Implications on product roadmaps for AI-powered startups
Development on a web app contributes linearly to your value proposition, while development on an AI contributes exponentially to your value proposition. What does this imply for your product roadmap?
Circumstances for promising AI-powered startups
If you want to stand a chance against FAANG but also build an AI-powered product for a large market, you need to pick an area where the data is hidden for incumbents. It turns out, that those rare opportunities tend to have very fragmented data sources.
The implication of this situation is that you cannot go to kaggle and download a suitable dataset or adapt some existing model. So you have to put in a lot of work to build a working AI which adds value to your customer.
Known challenges for product roadmaps without AI
Rodrigo Martinez lays out a very thoughtful Hidden Roadmap for founder-CTOs. And I agree absolutely in the context of companies, where only the User Experience is most important.
If you build a product which doesn’t rely on AI you should follow exactly his guidelines:
- Complete focus on building a working prototype to validate your assumptions
- Start designing your product and organization for scale
- Scale
There’s one source of uncertainty: the customer. You think you know what she wants. You go back and forth a couple of times until you figured most of it out and the you build it. It takes time, discipline and skill to build it, but many people before have built web applications.
New challenges for product roadmaps involving AI
If part of your value proposition involves AI, you get a bonus source of uncertainty: can you actually build it?
I was responsible for putting User Experience (Frontend), Backend and AI together at Coral Innovation.
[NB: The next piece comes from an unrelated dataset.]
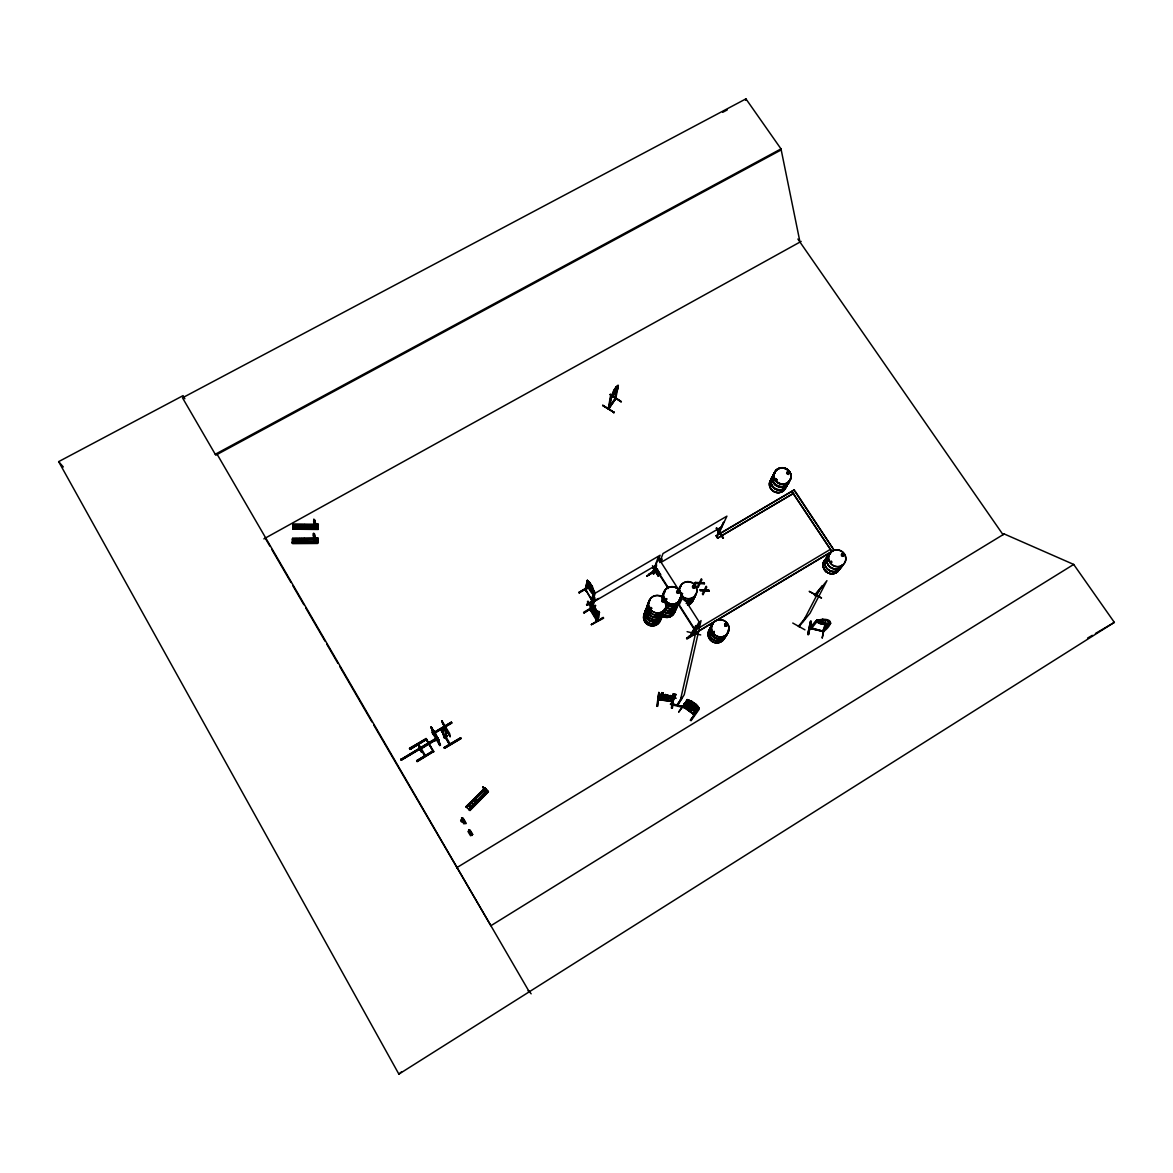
<?xml version="1.0" encoding="UTF-8"?>
<svg xmlns="http://www.w3.org/2000/svg" width="1173" height="1173" viewBox="0 0 1173 1173"><rect width="100%" height="100%" fill="white"/><g stroke="black" fill="none" stroke-linecap="round" stroke-linejoin="round"><path stroke-width="1.5" d="M694.005 634.666L693.17 634.901L701.043 620.59L684.24 694.709L677.745 705.252L677.701 703.536M694.064 634.534L694.035 633.596M316.123 540.225L317.223 540.298M316.549 526.472L316.358 525.944M316.915 526.105L316.857 525.841M317.692 539.888L317.443 539.199L317.722 541.296L317.209 539.199L317.516 540.298M318.103 526.252L317.619 525.269L318.118 527.381L317.575 526.633M315.068 538.392L317.648 538.026L317.868 538.92L292.561 539.859L317.854 539.727L292.546 539.521M315.361 528.583L315.493 524.126L318.059 524.126L318.088 528.583L292.913 529.184L318.176 529.448L318.294 524.316L292.986 524.551L292.883 529.096L318.191 528.759L292.898 529.14L293.074 524.404L318.279 524.961M315.273 538.48L315.112 542.513M315.772 541.926L314.291 533.495L315.962 541.926L314.041 538.788M316.182 527.997L314.701 519.918M317.898 527.381L317.839 525.269M317.648 538.026L317.531 542.161M295.141 538.539L294.951 542.923M295.596 524.639L295.405 528.994M297.297 524.639L297.121 528.994M299.863 524.624L299.687 528.979M301.696 538.524L301.52 542.908M292.473 543.407L317.766 543.363L292.458 543.466L292.605 538.304M292.414 543.026L292.576 538.554L317.898 538.246L317.516 542.498M814.634 595.371L822.464 586.236L821.745 586.559M798.593 626.382L799.663 625.737L798.828 626.089M841.789 554.99L842.346 554.213M843.387 554.521L842.155 555.811M843.798 555.049L843.27 556.222M831.408 562.512L830.557 561.544M789.062 473.349L788.359 471.927L787.039 471.942M775.705 479.64L776.262 478.965L776.086 479.698M776.819 479.728L776.101 479.552M677.261 705.134L681.997 697.524L677.29 704.724M724.929 624.696L725.178 625.678L725.017 624.945M726.263 624.183L726.424 625.62M714.108 631.529L713.756 632.247M714.328 632.394L714.108 632.819M293.001 525.607L318.25 525.871L318.264 524.668M318.235 525.489L292.986 525.519L318.279 525.211M317.883 538.906L292.546 538.554L317.898 538.216M693.096 587.629L692.788 586.705M692.818 587.057L693.199 586.133A8.783 8.46 24.4 0 1 694.621 587.82L693.375 588.333L692.422 587.028M694.475 587.248L693.639 586.075L692.862 587.277M676.572 592.145L677.29 591.001M678.83 591.529L678.859 591.998M679.27 592.072L678.976 593.069M682.261 593.787L681.557 594.051L682.598 593.582M665.721 599.476L665.751 598.465M666.733 598.992L665.897 599.564L665.897 598.67M666.396 599.858L666.675 598.978M661.719 600.913L662.173 599.975M664.123 600.781L663.361 601.705M648.126 615.444L647.921 614.256M650.399 607.805L651.616 608.464M650.942 608.215L650.824 608.274M293.074 524.507L318.264 524.58M292.942 528.319L318.22 527.967L292.971 527.967M293.015 525.944L318.264 525.827M292.444 542.146L317.81 541.882L292.517 541.97M670.355 695.457C686.748 701.527 651.074 689.797 672.012 696.791L668.097 697.803L662.29 696.439L665.59 694.9M670.927 701.395L670.941 700.413L672.393 700.692M658.332 699.46L670.941 701.322L670.839 700.501M672.305 708.184L673.654 694.313L672.305 708.199L671.528 708.111L673.097 694.123M670.795 701.234C678.097 684.416 675.648 702.891 671.073 701.087M659.798 696.557C657.906 699.841 690.442 697.261 668.507 698.697M658.478 698.888L659.886 699.651M660.223 695.34L659.637 696.542C670.971 699.255 657.115 698.082 660.223 695.34L665.575 695.061M661.924 692.627L658.332 699.841L661.924 692.627L663.17 693.287L659.607 699.87L658.346 699.123L672.261 700.926M667.085 695.384C660.179 696.219 672.51 698.639 668.639 695.574M658.757 692.495L657.584 706.278L656.733 706.307L658.947 692.539M657.437 706.366L658.874 692.481M615.165 399.231L617.042 386.298L618.244 385.638M693.272 713.741L684.02 707.128M694.563 714.401L694.328 714.474M608.904 407.368L608.699 408.6L615.063 399.363M317.604 526.369L316.71 526.105M682.701 706.527L683.947 707.231M719.254 532.469L717.671 533.129L718.99 532.073M719.196 532.762L726.923 516.149L662.98 553.553L659.71 562.571M653.332 570.855L654.681 570.415M474.874 801.555L476.561 801.32L475.93 799.737M313.191 535.343L313.323 533.436L313.909 533.891M314.027 534.375L313.572 533.392L314.129 539.727M614.066 412.441L602.658 405.55M302.561 527.454L302.282 526.428M302.267 526.75L303.602 525.797M301.842 540.342L302.575 541.633L303.719 541.09M304.32 526.677L304.027 527.454M303.763 541.164L303.851 540.342M608.89 407.764L611.192 394.876L610.532 395.858L608.23 408.82L615.282 397.999M609.505 407.427L609.388 408.175L611.778 394.993L608.978 408.453M589.667 586.823L579.301 592.864M615.004 399.7L617.702 385.331M617.599 386.474L618.098 385.58M615.708 398.776L618.332 385.492L616.089 387.002M700.692 634.93L687.099 631.675M814.561 595.356L822.024 586.016M805.631 617.57L798.505 626.265L799.165 625.429M610.033 394.744L621.265 401.899L610.327 394.319M592.042 601.148L593.435 591.353L594.52 592.174L592.6 600.987L585.488 589.623L587.365 580.459L585.034 590.048L586.265 590.708L588.084 581.456M621.367 401.577L610.297 394.348M586.192 590.18C585.195 592.277 586.573 588.435 585.62 589.696M592.922 589.389L594.608 593.479C592.556 597.614 587.409 585.356 586.749 583.113L587.292 580.312L590.092 582.908L587.292 580.312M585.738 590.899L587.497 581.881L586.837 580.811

Before I was working on the web application of Papershift.
Based on these two experiences I noticed a couple of differences in the development process.
Development on a web app contributes linearly to your value proposition
When you spend time working on a web application you usually go from feature to feature. In doing so, you’re trying to cover one requirement at a time.
In general, it follows that the price your customer is willing to pay or the number of customers you can acquire increases linearly with regards to your product features.
At Papershift, there was often the situation that a possible customer signaled that she was willing to buy the product if one feature, which was really important for her, was added.
In contrast, spending time working on our technology discovery AI we build at Coral Innovation showed a different course of progress.
Development on an AI contributes exponentially to your value proposition
Exponential growth means that for a long time there is almost no growth at all. At that is pretty much what we experienced. We spend almost 6 months not making ANY progress.
Remember the circumstance:
- Fragmented data sources
- No preceding models
The dataset we used when we started building has almost nothing to do with the dataset we’re using currently for the deployed models. And the same is true for algorithms, features, preprocessing, etc.
There was no best practice, guide or example dataset that was ready for use. And in the early stages our AI was not testable with a customer. The output was so bad, that she would have always said“it sucks”, “it sucks”, “it sucks”, “it sucks” on every iteration.
Minimum viable AI
Maybe you know this picture illustrating the MVP concept:

If a major part of your value proposition comes from an AI, is it possible to actually build an MVP?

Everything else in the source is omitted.